R. Viena me dedica la jornada el mismo día de mi cumpleaños con un monográfico dedicado a mi música de cámara, en el que estrenará Canciones Al-Andalus y un programa con la Orquesta de la Radio con dos obras mías y una de Falla. En Hannover daré a conocer el Preludio a Némesis. Dirigiré otros conciertos en Berlín, Düsseldorf, Hannover y Baden-Baden. Aquí se estrena mi Concierto para cuarteto de saxofones y orquesta, en el que trabajo, y la Fundación Paul Sacher organizará una exposición de obras autógrafas mías de su propiedad y lanzará un precioso catálogo. Tengo actuaciones en Turín con la RAI, en París con la Nacional y en el conservatorio de la capital francesa, en el que daré un curso de dirección de mis obras.
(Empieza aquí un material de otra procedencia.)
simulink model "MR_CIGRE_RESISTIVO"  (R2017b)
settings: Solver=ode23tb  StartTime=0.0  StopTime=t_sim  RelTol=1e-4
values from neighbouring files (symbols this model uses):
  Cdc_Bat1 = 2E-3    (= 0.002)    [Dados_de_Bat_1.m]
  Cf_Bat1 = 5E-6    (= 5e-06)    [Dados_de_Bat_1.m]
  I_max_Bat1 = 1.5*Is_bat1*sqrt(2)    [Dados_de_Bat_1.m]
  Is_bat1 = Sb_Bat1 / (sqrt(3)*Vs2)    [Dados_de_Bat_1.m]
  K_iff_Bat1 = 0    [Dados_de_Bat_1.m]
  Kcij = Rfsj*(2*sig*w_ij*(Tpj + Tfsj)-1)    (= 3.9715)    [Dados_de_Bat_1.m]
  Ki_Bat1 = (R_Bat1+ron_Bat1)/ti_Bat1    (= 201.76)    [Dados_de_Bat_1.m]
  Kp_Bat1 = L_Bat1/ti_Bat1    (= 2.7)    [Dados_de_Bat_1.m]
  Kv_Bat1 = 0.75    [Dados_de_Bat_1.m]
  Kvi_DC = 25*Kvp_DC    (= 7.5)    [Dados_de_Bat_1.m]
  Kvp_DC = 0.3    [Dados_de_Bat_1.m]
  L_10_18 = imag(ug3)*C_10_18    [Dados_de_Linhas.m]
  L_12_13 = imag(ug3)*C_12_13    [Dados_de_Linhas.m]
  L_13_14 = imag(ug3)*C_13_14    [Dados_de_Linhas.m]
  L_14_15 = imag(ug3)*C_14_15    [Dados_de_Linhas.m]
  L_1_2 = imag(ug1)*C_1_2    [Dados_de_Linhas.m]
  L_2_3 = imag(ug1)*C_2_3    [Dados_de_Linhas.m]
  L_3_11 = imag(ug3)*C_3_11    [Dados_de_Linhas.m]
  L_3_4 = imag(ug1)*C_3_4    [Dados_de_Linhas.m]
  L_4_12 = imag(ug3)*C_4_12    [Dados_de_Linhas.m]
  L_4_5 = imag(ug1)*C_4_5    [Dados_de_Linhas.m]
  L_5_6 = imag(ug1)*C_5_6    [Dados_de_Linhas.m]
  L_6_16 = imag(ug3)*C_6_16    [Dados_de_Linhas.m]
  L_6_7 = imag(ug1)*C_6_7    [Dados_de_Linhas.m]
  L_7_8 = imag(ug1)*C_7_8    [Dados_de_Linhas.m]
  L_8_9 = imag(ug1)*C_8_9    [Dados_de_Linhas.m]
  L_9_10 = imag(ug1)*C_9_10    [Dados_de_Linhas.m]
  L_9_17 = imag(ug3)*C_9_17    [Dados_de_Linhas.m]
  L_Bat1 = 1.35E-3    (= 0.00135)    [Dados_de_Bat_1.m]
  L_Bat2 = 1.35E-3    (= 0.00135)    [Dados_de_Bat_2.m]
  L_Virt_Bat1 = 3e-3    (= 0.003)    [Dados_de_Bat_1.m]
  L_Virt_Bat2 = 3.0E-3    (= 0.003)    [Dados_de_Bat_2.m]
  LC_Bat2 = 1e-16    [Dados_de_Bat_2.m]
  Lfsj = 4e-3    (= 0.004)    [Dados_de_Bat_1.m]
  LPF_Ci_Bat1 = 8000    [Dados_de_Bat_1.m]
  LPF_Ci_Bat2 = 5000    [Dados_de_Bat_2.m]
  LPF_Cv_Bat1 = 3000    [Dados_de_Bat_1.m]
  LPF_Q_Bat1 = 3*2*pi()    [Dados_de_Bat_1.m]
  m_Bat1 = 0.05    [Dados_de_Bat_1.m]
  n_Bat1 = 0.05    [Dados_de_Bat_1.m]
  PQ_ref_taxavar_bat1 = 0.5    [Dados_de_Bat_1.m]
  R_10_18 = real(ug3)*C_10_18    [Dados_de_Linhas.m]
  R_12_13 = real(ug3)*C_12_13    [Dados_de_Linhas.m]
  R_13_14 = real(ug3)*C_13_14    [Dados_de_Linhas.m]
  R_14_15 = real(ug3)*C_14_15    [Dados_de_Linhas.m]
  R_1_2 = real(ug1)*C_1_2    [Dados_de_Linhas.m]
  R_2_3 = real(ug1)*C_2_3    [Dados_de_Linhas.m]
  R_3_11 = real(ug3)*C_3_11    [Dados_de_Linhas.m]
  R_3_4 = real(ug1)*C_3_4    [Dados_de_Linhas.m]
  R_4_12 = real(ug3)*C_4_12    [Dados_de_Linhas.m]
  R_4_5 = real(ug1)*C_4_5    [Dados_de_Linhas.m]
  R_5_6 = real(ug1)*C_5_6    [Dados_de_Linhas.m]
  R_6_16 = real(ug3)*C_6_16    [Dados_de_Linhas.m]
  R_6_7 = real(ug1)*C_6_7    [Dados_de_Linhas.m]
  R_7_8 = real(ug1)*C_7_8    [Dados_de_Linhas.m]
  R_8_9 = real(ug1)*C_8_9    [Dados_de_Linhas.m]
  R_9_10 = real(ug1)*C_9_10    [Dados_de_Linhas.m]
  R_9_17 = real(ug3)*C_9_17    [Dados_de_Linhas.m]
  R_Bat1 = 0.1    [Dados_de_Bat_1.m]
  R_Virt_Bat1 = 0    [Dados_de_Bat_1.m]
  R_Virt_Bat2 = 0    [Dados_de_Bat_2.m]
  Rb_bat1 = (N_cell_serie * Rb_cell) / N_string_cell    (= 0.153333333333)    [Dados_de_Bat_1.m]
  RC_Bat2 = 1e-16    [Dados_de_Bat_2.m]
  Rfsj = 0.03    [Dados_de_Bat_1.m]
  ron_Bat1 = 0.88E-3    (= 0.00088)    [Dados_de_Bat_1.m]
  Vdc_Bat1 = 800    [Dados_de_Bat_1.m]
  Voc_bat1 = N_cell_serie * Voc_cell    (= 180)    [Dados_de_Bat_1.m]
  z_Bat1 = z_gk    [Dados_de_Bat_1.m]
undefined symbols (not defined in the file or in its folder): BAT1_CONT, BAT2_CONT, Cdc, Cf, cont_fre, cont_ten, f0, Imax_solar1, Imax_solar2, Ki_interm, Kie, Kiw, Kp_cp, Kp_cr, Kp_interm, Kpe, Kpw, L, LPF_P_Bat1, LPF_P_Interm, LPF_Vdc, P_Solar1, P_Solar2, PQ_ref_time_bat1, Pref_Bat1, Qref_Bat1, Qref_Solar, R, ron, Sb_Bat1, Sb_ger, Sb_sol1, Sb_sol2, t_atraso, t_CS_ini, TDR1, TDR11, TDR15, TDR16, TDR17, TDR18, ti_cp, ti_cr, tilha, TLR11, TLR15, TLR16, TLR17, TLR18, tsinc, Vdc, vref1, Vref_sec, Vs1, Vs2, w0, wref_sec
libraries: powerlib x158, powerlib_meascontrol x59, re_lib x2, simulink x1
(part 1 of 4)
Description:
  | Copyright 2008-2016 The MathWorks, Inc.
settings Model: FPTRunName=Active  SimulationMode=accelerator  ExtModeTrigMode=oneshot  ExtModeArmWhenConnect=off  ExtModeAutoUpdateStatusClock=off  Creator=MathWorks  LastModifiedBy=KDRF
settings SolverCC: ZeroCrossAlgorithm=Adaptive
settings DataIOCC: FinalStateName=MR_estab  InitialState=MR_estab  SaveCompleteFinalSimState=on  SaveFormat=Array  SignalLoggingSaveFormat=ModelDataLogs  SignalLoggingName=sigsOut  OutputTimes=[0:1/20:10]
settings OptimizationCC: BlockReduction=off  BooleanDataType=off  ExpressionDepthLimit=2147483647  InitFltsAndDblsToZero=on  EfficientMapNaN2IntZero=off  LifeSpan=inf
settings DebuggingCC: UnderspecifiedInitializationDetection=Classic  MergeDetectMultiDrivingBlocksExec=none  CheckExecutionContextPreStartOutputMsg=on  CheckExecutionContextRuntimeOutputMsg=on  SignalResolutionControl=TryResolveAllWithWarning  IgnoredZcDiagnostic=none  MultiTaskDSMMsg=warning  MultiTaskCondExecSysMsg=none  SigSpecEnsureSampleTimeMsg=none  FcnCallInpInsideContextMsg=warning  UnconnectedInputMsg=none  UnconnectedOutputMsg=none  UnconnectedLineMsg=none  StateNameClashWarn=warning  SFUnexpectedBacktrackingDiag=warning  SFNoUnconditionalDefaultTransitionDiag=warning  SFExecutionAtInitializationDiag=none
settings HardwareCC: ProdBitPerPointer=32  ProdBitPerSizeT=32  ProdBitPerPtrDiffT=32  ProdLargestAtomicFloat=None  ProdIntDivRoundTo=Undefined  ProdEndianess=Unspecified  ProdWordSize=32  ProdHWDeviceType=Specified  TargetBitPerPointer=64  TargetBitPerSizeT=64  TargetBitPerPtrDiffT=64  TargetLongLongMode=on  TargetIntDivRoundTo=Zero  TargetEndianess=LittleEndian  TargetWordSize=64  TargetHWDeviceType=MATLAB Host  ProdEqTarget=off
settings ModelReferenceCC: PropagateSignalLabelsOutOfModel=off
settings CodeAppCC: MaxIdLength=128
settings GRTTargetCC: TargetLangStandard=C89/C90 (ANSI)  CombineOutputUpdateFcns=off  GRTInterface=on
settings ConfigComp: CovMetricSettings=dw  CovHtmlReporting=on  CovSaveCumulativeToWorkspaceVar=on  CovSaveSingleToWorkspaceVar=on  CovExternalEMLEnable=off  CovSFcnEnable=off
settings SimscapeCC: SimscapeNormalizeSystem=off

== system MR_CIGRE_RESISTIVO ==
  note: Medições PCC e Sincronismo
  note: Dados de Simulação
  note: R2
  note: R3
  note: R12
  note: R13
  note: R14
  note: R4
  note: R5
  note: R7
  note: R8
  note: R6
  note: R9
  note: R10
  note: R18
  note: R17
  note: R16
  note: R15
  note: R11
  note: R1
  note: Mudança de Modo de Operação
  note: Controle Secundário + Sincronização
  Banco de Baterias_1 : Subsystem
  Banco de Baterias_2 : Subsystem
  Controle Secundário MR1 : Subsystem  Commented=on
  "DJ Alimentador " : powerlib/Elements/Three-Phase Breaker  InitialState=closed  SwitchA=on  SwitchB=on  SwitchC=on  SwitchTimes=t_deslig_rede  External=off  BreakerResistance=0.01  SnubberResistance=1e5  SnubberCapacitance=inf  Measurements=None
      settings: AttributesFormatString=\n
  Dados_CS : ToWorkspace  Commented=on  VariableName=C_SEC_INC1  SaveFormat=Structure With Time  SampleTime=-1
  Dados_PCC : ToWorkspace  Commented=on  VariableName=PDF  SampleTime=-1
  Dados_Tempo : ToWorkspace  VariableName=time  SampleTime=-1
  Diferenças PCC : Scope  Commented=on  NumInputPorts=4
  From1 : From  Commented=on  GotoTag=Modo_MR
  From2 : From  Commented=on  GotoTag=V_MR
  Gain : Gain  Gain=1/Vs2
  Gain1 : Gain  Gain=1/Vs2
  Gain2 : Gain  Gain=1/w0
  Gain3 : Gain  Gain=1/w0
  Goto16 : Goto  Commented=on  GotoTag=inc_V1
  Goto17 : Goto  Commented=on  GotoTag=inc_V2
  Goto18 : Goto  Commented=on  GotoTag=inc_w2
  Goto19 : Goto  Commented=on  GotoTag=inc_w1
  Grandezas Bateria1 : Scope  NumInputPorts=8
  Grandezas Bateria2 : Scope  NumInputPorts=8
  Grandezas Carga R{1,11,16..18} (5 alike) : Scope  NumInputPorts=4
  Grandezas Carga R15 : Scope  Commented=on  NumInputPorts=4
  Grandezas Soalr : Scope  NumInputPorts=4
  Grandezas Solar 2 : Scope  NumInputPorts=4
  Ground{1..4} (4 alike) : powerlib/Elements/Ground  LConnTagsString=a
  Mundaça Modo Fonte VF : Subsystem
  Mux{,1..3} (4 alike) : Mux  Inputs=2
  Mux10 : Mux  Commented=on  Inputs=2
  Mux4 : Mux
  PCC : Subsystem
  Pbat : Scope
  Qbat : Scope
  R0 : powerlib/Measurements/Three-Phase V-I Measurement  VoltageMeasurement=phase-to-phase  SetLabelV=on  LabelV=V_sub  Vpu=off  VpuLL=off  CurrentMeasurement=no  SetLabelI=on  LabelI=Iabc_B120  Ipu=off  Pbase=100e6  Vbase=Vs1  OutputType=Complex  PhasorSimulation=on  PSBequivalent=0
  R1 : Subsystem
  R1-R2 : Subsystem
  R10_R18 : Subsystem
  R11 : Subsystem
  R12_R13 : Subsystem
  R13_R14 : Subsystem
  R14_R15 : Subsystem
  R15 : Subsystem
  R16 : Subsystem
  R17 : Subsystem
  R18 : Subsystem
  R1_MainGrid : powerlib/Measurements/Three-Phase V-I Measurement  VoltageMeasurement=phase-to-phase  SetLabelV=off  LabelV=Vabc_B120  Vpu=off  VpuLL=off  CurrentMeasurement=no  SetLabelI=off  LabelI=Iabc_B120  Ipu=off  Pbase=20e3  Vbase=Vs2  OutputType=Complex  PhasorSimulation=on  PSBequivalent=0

En Madrid, el Festival de Otoño proyecta un concierto monográfico, aparte de otro que daré con la Sinfónica, patrocinados por la Comunidad y en los que se estrenan mi versión del Fandango, de Soler, para violonchelos, y la Quinta sinfonía de Tomás Marco.

Un gran reto

P. Tenemos ante nosotros el ya célebre año 1992. Ya se sabe: descubrimiento, Juegos Olímpicos y capitalidad cultural europea de Madrid. ¿No son posibilidades, sea o no convencional su origen, dignas de aprovecharse de una forma inteligente para la música?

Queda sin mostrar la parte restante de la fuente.